• [Task instructions]: For the data below, restate word for word only the lines from the line containing "#7550 = DIRECTION" through the line containing "#21013 = CARTESIAN_POINT", both ends included.

(Dataset excerpts)
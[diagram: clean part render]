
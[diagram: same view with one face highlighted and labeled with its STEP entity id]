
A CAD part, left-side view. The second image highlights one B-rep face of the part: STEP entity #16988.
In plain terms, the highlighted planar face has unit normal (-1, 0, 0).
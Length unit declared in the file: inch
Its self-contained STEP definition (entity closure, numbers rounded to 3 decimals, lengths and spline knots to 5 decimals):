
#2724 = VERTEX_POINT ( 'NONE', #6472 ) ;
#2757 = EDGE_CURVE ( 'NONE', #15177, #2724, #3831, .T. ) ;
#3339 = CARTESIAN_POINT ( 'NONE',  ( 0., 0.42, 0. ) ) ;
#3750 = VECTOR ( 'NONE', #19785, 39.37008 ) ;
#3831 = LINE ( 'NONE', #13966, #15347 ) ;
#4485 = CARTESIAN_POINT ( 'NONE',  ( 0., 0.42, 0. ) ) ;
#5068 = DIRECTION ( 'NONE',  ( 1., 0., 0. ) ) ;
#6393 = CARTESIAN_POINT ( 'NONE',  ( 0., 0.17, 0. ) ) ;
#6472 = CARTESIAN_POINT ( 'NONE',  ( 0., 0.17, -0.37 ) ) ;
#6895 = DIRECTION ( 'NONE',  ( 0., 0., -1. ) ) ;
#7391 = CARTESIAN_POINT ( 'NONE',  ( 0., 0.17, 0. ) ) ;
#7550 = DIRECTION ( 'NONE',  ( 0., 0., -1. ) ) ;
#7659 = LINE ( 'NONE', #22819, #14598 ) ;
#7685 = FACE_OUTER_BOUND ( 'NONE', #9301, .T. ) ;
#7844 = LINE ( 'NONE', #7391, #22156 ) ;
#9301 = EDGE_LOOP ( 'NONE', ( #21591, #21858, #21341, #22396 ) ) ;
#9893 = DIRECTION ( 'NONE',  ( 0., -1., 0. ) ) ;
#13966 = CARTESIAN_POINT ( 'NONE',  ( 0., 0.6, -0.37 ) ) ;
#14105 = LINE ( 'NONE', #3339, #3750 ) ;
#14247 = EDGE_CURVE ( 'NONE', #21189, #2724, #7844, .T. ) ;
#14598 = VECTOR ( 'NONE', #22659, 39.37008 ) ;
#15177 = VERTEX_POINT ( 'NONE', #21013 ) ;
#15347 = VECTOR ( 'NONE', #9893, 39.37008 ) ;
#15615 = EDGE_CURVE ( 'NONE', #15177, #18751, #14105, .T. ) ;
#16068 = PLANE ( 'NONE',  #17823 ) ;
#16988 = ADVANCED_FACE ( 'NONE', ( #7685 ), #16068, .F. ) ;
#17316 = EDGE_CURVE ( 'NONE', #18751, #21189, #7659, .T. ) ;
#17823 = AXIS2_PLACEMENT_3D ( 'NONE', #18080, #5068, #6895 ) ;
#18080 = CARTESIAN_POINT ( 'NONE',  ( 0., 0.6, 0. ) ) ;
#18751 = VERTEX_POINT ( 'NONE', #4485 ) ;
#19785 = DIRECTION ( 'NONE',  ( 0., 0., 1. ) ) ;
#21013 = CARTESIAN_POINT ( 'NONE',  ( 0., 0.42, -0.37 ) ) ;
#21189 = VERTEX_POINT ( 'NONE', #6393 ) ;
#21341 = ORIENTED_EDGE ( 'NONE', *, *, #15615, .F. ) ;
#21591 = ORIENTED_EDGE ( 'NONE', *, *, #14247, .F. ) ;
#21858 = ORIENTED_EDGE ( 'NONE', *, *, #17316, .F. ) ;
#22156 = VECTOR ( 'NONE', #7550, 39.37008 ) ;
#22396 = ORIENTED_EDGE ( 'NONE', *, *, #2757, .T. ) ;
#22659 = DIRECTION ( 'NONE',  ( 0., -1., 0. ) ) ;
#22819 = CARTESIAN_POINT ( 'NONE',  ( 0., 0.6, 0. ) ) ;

• [Your solution]:
#7550 = DIRECTION ( 'NONE',  ( 0., 0., -1. ) ) ;
#7659 = LINE ( 'NONE', #22819, #14598 ) ;
#7685 = FACE_OUTER_BOUND ( 'NONE', #9301, .T. ) ;
#7844 = LINE ( 'NONE', #7391, #22156 ) ;
#9301 = EDGE_LOOP ( 'NONE', ( #21591, #21858, #21341, #22396 ) ) ;
#9893 = DIRECTION ( 'NONE',  ( 0., -1., 0. ) ) ;
#13966 = CARTESIAN_POINT ( 'NONE',  ( 0., 0.6, -0.37 ) ) ;
#14105 = LINE ( 'NONE', #3339, #3750 ) ;
#14247 = EDGE_CURVE ( 'NONE', #21189, #2724, #7844, .T. ) ;
#14598 = VECTOR ( 'NONE', #22659, 39.37008 ) ;
#15177 = VERTEX_POINT ( 'NONE', #21013 ) ;
#15347 = VECTOR ( 'NONE', #9893, 39.37008 ) ;
#15615 = EDGE_CURVE ( 'NONE', #15177, #18751, #14105, .T. ) ;
#16068 = PLANE ( 'NONE',  #17823 ) ;
#16988 = ADVANCED_FACE ( 'NONE', ( #7685 ), #16068, .F. ) ;
#17316 = EDGE_CURVE ( 'NONE', #18751, #21189, #7659, .T. ) ;
#17823 = AXIS2_PLACEMENT_3D ( 'NONE', #18080, #5068, #6895 ) ;
#18080 = CARTESIAN_POINT ( 'NONE',  ( 0., 0.6, 0. ) ) ;
#18751 = VERTEX_POINT ( 'NONE', #4485 ) ;
#19785 = DIRECTION ( 'NONE',  ( 0., 0., 1. ) ) ;
#21013 = CARTESIAN_POINT ( 'NONE',  ( 0., 0.42, -0.37 ) ) ;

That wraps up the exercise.